I removed most of his perches and there is nothing rough in his cage. 

He isnt really his usual happy self but that could be due to the yeast infection too. So i am struggling to know what else i can do for him.

If you have any suggestions it would be very much appreciated.


----------



## enigma731 (Aug 12, 2011)

Okay, wait. Can you give us a review of the history here? I know you've had several threads. As I understand it, this bird had a yeast infection, then was on antibiotics for a foot problem, and now has a yeast infection and a foot problem again? Is it the same foot that was being treated by antibiotics before?


----------



## MissCV (Sep 18, 2010)

Hahaha you did catch me out there. The history is massive, i was trying not to confuse you all with it... but here it goes.

Left foot- has his broken toe that never healed correctly (see pic for better explanation). It sits upright and causes his skin to rub on his perches. Occassionally he gets a sore/scab from this, which is treated with antibiotics and some 'silver' cream. It doesnt bother him with pain or anything but i am worried about infection so keep a very close eye on it and when it flares up we usually go to the vet for a check up and to start the treatment options.

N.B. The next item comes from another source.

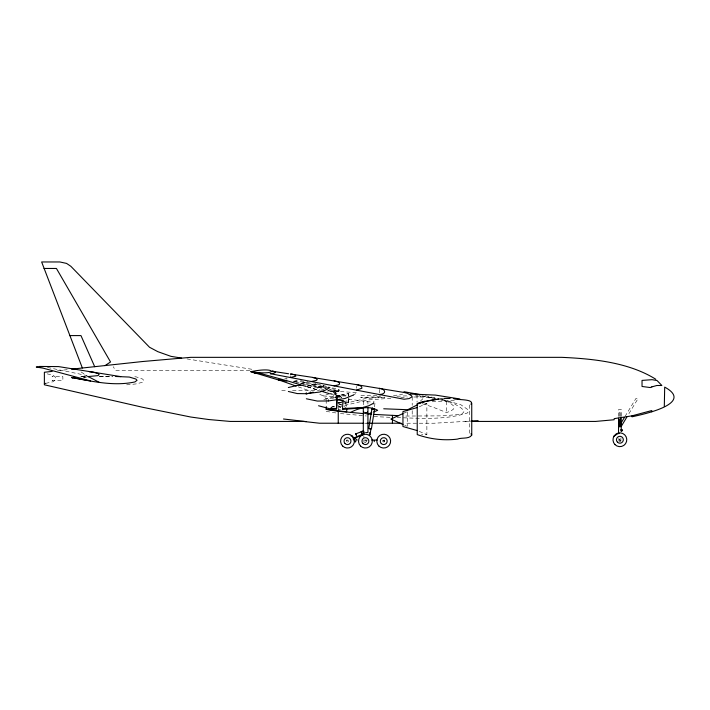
<?xml version="1.0" encoding="UTF-8"?>
<svg xmlns="http://www.w3.org/2000/svg" width="710" height="710" viewBox="0 0 710 710"><rect width="100%" height="100%" fill="white"/><g stroke="black" fill="none" stroke-linecap="round" stroke-linejoin="round"><path stroke-width="0.53" stroke-dasharray="3.55 2.66" d="M337.623 398.94L337.623 395.718L348.61 393.624L348.885 395.026L337.623 395.71L326.201 398.896L322.988 395.639L318.861 394.174M336.238 400.174L335.741 392.603L327.834 390.633M348.583 398.976L348.566 402.978L337.623 402.978L345.158 400.91L346.755 408.064L344.013 406.537M348.743 399.943L348.566 402.978L348.832 397.733M336.256 395.976L348.61 395.976L348.61 393.624L336.256 395.976L338.927 397.458M344.776 402.304L348.867 401.922L349.027 398.958M328.703 394.023L335.741 392.603L335.457 397.28L336.052 397.698L336.194 394.76L336.93 398.842M374.552 406.91L375.146 401.762L373.62 401.514L372.182 408.632M619.014 439.845L619.226 439.304M625.004 416.521L635.849 398.576L638.041 398.576L627.675 415.732M335.741 392.603L332.44 397.041L336.052 397.698L335.741 392.603L341.794 397.547L323.281 395.905L328.153 394.21M420.338 401.159L422.698 398.922L422.237 397.769L419.024 395.39M352.71 395.488L357.254 392.71L328.162 390.713M346.586 440.608L347.492 440.085L348.397 440.608L348.397 441.655L347.492 442.179L346.586 442.179L346.586 440.085L347.492 440.085M365.606 442.179L366.511 441.655L366.511 440.608L365.606 440.085L364.7 440.608L364.7 441.655L365.606 442.179L363.893 442.179L363.893 435.674M382.814 440.608L384.625 440.085L384.625 442.179L382.814 441.655L382.814 440.608L384.625 440.608L383.719 440.085M383.719 442.179L384.625 441.655L382.814 441.655M403.857 413.184L406.59 411.995M330.993 407.425L336.771 405.277M419.157 406.759L426.87 403.546L426.87 434.591L421.518 434.591M330.984 407.336L337.392 405.206M422.113 403.706L432.621 407.016L446.528 412.545L450.903 411.037L453.592 408.995L454.107 407.602L453.477 405.845L449.128 402.215L440.599 399.881M330.256 393.952L341.794 397.547L331.694 391.609L338.936 389.559L339.131 390.527L331.694 391.609L327.399 390.97M323.982 389.648L300.463 383.569L307.927 381.554M293.683 381.305L298.324 380.081M619.342 416.38L619.36 412.226L619.901 412.102L620.478 412.226L620.478 416.38M338.617 406.874L367.762 399.978L390.846 398.239M45.653 383.356L52.957 381.767L55.025 380.178A3.346 3.266 -90 0 0 55.025 376.761L52.957 375.173L46.478 373.7M337.623 402.978L348.566 400.52L348.867 401.922M619.36 412.226L620.478 412.244M323.822 399.455L330.94 398.141L337.019 398.283M284.745 378.43L286.875 378.039L286.875 380.746M393.482 395.754L402.668 394.13M321.639 386.888L316.261 387.695L323.591 385.601L323.787 386.568M315.968 384.554L315.772 383.586L315.968 384.554L308.397 385.654L315.772 383.586L327.425 386.586M301.555 383.427L308.113 382.53L327.621 387.562M52.646 380.64L52.07 380.72L62.808 380.48L62.897 378.474L62.808 376.46L52.07 376.22L52.646 376.3M293.727 381.43L299.522 380.684M57.528 370.771L68.311 369.546M83.194 377.241L88.697 376.841M364.115 413.22L366.253 412.998M126.646 384.838L135.912 383.941L142.373 382.326L143.846 380.524L142.621 379.069L136.311 376.921L133.045 376.575M338.643 402.881L343.755 402.401M86.15 376.921L83.913 377.099L88.883 376.948M384.9 397.139L365.233 398.612L338.244 405.002L338.244 411.232M396.925 396.233L407.842 395.825M400.742 397.502L407.336 397.005M432.195 401.771L456.539 400.245M440.209 398.647L442.916 398.479M472.434 420.995L434.067 423.222L404.514 423.222M80.754 376.548L86.886 376.406M380.462 396.606L360.689 397.476L384.855 397.254M99.95 376.593L112.757 376.469M303.986 382.663L308.113 382.53M99.595 376.504L106.136 376.3M99.32 376.389L112.499 376.424M81.419 376.708L88.271 376.602M249.787 370.354L115.393 370.354L113.28 366.697M293.833 381.554L300.294 381.554L321.763 387.136M281.737 390.518L287.133 390.518M292.52 390.518L319.491 390.518M331.694 391.609L338.936 391.609L338.936 389.559L331.259 387.58L331.455 388.548L339.131 390.527M413.761 397.005L421.27 397.005L435.248 398.47M424.731 403.546L426.87 403.546M405.818 416.051L442.215 415.865L461.606 414.276L463.843 411.96L463.648 410.256L460.879 407.833L453.512 403.245L439.916 399.189M464.961 421.429L470.455 421.429M364.789 423.222L366.999 423.222M363.893 440.085L367.354 440.085L367.354 442.179M619.209 441.212L620.611 441.212M360.928 395.408L380.542 395.869M338.492 409.342L340.489 409.439M374.001 416.584L390.544 417.347M397.156 417.649C420.568 418.172 445.179 420.302 467.579 412.892L468.387 411.383L467.411 409.297L460.79 404.709L439.756 398.692M307.297 385.388L319.837 386.533M322.615 386.79L327.186 387.243M340.427 413.548L366.387 415.98M364.825 413.735L367.008 413.948M415.474 395.825L434.067 397.769M440.626 399.029L442.774 399.251M365.881 413.823L368.099 414.054M348.397 399.153L370.815 402.002M307.323 386.852L314.521 389.053L319.89 389.852M187.032 358.923L252.077 369.306M326.201 411.383L338.271 413.344M364.115 412.279L366.253 412.688M47.455 367.452L86.46 375.448M422.246 395.843L435.665 398.63M425.414 395.718L435.044 397.822M295.981 382.255L299.203 382.956M300.277 383.187L328.197 389.266M329.271 389.506L338.936 391.609L330.345 389.373M300.481 380.56L306.205 382.033M322.837 387.42L326.05 388.255M367.318 412.892L365.011 412.279L366.608 412.688M307.377 386.861L318.719 390.367M307.27 386.559L314.521 389.053M298.253 386.826L310.616 391.228M419.157 431.378L426.87 434.591M404.771 425.343L406.59 426.142M338.537 403.493L343.099 406.031M346.586 441.655L347.492 442.179M80.984 371.907L88.04 376.477M338.572 406.475L340.365 407.673M337.623 395.71L340.134 397.44M338.2 405.658L340.764 407.513M337.108 399.863L336.194 395.665L336.744 398.416M348.566 394.485L348.77 396.579M620.895 437.99L620.904 441.212M621.25 415.998L621.25 409.546L618.552 409.546L618.552 417.072M618.916 437.99L618.916 441.212M469.647 404.948L469.647 433.189M446.528 401.381L446.528 412.545M417.063 394.795L417.063 402.144M412.199 396.881L412.199 405.348M412.199 410.646L412.199 416.051M407.496 411.853L407.496 426.284M379.371 389.328L379.371 393.482M367.931 404.088L367.931 401.895L363.307 401.895L363.307 405.179M356.42 386.364L356.42 388.264M348.61 393.624L348.61 395.976M326.201 399.863L326.201 406.99M290.417 375.767L290.417 377.489M619.874 439.188L619.182 439.588L619.874 440.786L620.567 440.386L619.874 439.188"/><path stroke-width="1.06" d="M336.788 401.114L336.505 409.253L330.461 408.933L318.55 405.756M336.984 399.304L336.664 408.454L330.585 408.312L330.461 408.933M342.948 400.493L342.486 409.448L360.982 408.028L368.614 405.818L373.939 403.023M453.788 398.674C456.095 400.192 474.884 398.621 470.987 404.336M471.742 403.076L471.742 435.061C469.372 439.357 461.402 437.316 457.391 439.117C443.892 440.759 430.029 439.188 417.231 434.591L417.231 403.546A87.277 87.277 0 0 1 425.024 401.141M356.802 440.635L356.944 439.605L353.145 437.422L351.956 435.762L351.104 436.091M288.366 391.467L297.241 393.571L306.143 393.713L306.294 392.772M306.356 398.78L317.334 401.061L328.277 400.955L328.446 399.916M360.982 408.028L361.07 407.584L342.664 408.57M621.001 423.133L624.427 417.471M621.152 426.524L627.125 416.628M104.974 365.641L110.538 361.967L56.427 268.46L44.029 268.46M353.624 394.929L344.998 398.496L328.277 400.955M417.391 404.833L407.717 409.714L383.719 408.783M402.952 413.584L390.899 419.069L402.952 424.553M371.747 412.714L368.099 414.054L371.188 414.267M373.726 411.915L377.693 410.318C368.925 405.454 358.985 407.859 350.669 412.395M250.879 371.685C277.095 366.067 279.341 376.087 250.879 371.685L281.764 380.95L296.194 386.089M280.175 379.38L278.364 379.948L286.875 380.746L259.576 373.211L253.869 372.697L255.147 372.297M279.696 380.276L288.233 381.092L306.338 386.542M423.87 401.762L439.304 398.949L434.795 399.615A87.277 87.277 0 0 0 417.231 403.954L424.34 401.567M417.231 407.558L402.952 411.605L402.952 426.532L417.231 430.579M356.42 390.172L361.86 388.237C362.606 385.69 357.911 385.042 356.42 384.465M379.371 394.52C386.764 394.21 386.045 389.204 379.371 388.29M306.214 393.943L313.181 392.151M471.555 421.429L595.61 421.429L614.097 419.761L614.239 418.634L632.015 415.838L651.807 410.54L651.807 411.844M288.34 387.536L297.312 385.423L300.916 385.352M44.375 383.64L45.653 383.356M621.25 430.872L622.137 430.677L622.137 430.003L621.25 429.692L621.25 417.072M655.791 379.255C628.847 362.348 592.885 358.71 561.628 357.343L190.768 357.343L142.497 361.532L71.541 369.173M622.137 430.677L620.842 430.872L621.987 430.677L621.987 430.003L620.842 429.692L622.137 430.003M334.073 385.885C335.59 385.113 340.188 385.521 339.593 383.08L337.978 381.9L334.073 380.808M72.695 377.871L71.497 377.463M290.417 377.489L295.848 376.167L294.827 374.853L292.058 374.117L290.417 374.046L312.267 377.329L315.808 378.27L317.264 379.61L316.332 380.427L311.53 381.474M52.132 371.383L44.375 372.262L44.375 384.793L142.497 407.247L190.768 417.027L208.66 419.521L230.164 421.429L303.489 421.429L319.491 423.222L363.68 423.222M74.124 377.374L71.861 377.587C92.504 381.377 113.955 386.488 134.891 381.945L137.021 380.338L135.85 379.007L129.291 377.054L115.765 376.486M39.139 366.768L36.281 367.017L43.221 368.188L90.64 380.95L71.453 377.471M40.097 366.68L43.221 366.608M471.342 421.057L478.114 420.702M39.405 366.44L58.557 366.591L120.7 376.62M443.821 398.425L450.167 398.47M69.669 335.59L80.967 335.59L94.714 366.733M366.999 423.222L401.221 423.222M365.606 432.576L367.931 432.576L367.931 407.371M369.564 432.851L370.256 432.851M369.564 434.68L370.256 434.68M371.712 440.085L377.17 440.085M410.202 394.006L435.452 395.097L459.858 398.967M272.276 371.019C278.995 372.031 273.226 373.788 270.12 373.655L404.034 399.242L409.084 398.594L412.111 396.81L411.507 395.718L407.425 393.322L404.034 392.461L312.506 377.445M373.309 414.374L398.612 415.678M343.143 400.742L337.108 399.863M259.576 373.211L253.869 372.697M363.706 413.619L337.534 411.17L326.201 409.413L326.201 406.99M320.769 386.622L322.615 386.79M328.082 387.34L329.875 387.536L325.375 390.145L319.793 392.018L306.143 393.713M283.485 418.998L306.214 421.607M89.38 371.765L93.409 372.217L98.193 373.646L99.134 374.56L97.998 375.617L88.191 376.557L99.569 382.521M272.285 371.25L288.606 373.762M374.312 408.969L372.182 408.632M369.173 428.778L370.948 429.062L370.034 434.236L369.236 434.094M181.654 358.106L170.932 356.349L157.806 351.663L149.517 347.252L70.849 266.294L66.571 263.41L59.844 261.963L41.642 261.963L82.333 367.949M326.201 409.297L346.675 411.862L346.755 409.004M404.043 391.716L421.136 394.787M320.822 391.015L329.209 393.633M470.987 433.801L471.742 435.061M353.997 440.244L355.311 442.01L355.781 441.682L353.864 438.443L363.2 434.627L363.085 433.872L353.172 438.416L353.34 439.357M361.754 432.381L361.532 431.662L355.586 433.961L356.606 435.452M356.136 434.76L355.586 433.961L356.003 434.564M618.996 433.473L618.8 432.976L613.626 436.428M362.038 433.402L361.816 432.63M664.303 406.555L664.693 387.101C694.992 403.591 642.639 414.454 632.015 416.797L632.015 415.838M620.478 417.391L620.478 426.719L619.919 426.834L619.36 426.719L619.36 419.459M618.552 418.146L618.552 433.748M392.435 415.359L392.435 423.222M374.232 440.608L374.232 441.655M367.514 411.977L367.514 413.22M363.857 411.977L363.857 413.22M363.307 407.371L363.307 432.576M362.535 433.872L362.535 435.452M338.244 411.232L338.244 423.222M371.845 409.155L368.792 428.423L371.419 428.84L374.481 409.599L371.845 409.155M651.816 386.906L650.245 387.553L642.035 386.471L642.035 380.409L652.091 379.681L657.043 380.542L661.871 385.495L656.83 385.495L651.816 386.906M363.529 430.748L361.124 431.662L362.038 434.094L364.443 433.18L363.529 430.748M360.538 446.013A6.896 6.896 0 0 0 372.075 442.925A6.896 6.896 0 0 0 363.627 434.476A6.896 6.896 0 0 0 360.538 446.013M342.611 446.013A6.896 6.896 0 0 0 354.157 442.925A6.896 6.896 0 0 0 345.708 434.476A6.896 6.896 0 0 0 342.611 446.013M378.856 446.013A6.896 6.896 0 0 0 390.393 442.925A6.896 6.896 0 0 0 381.945 434.476A6.896 6.896 0 0 0 378.856 446.013M615.011 444.629A6.896 6.896 0 0 0 626.548 441.54A6.896 6.896 0 0 0 618.108 433.091A6.896 6.896 0 0 0 615.011 444.629M617.452 442.197A3.452 3.452 0 0 0 623.22 440.644A3.452 3.452 0 0 0 618.996 436.419A3.452 3.452 0 0 0 617.452 442.197M362.979 443.572A3.452 3.452 0 0 0 368.747 442.028A3.452 3.452 0 0 0 364.523 437.804A3.452 3.452 0 0 0 362.979 443.572M345.051 443.572A3.452 3.452 0 0 0 350.82 442.028A3.452 3.452 0 0 0 346.595 437.804A3.452 3.452 0 0 0 345.051 443.572M381.297 443.572A3.452 3.452 0 0 0 387.065 442.028A3.452 3.452 0 0 0 382.841 437.804A3.452 3.452 0 0 0 381.297 443.572"/></g></svg>

Yeast Infection. Caused from the antiobiotics and is a reoccurring problem each time he gets medicated with antibiotics. So this time we put him straight on anti-fungal at the same time as the antiobiotics to try to avoid any issues. But the anti-fungal is not over-powering the antiobiotics, so we have now stopped with the antibiotics to treat for the yeast infection, which is still growing (the vet said the yeast is still duplicating in his system based on slide he looked at on Friday).

The sore foot in question is actually his 'good' foot (right foot). There doesnt appear to be any redness or breaks of the skin. The vet checked for breaks and said it looks fine. He also said he still has strength in it, meaning it is likely a sprain. But he is walking with a limp and holding it up when he is perched/sleeping. Meaning he is now putting all of his weight on his left foot (the one with the broken toe) and this worries me as it means the sore on the bad foot is actually going to worsen, and he cant be on antiobiotics for it.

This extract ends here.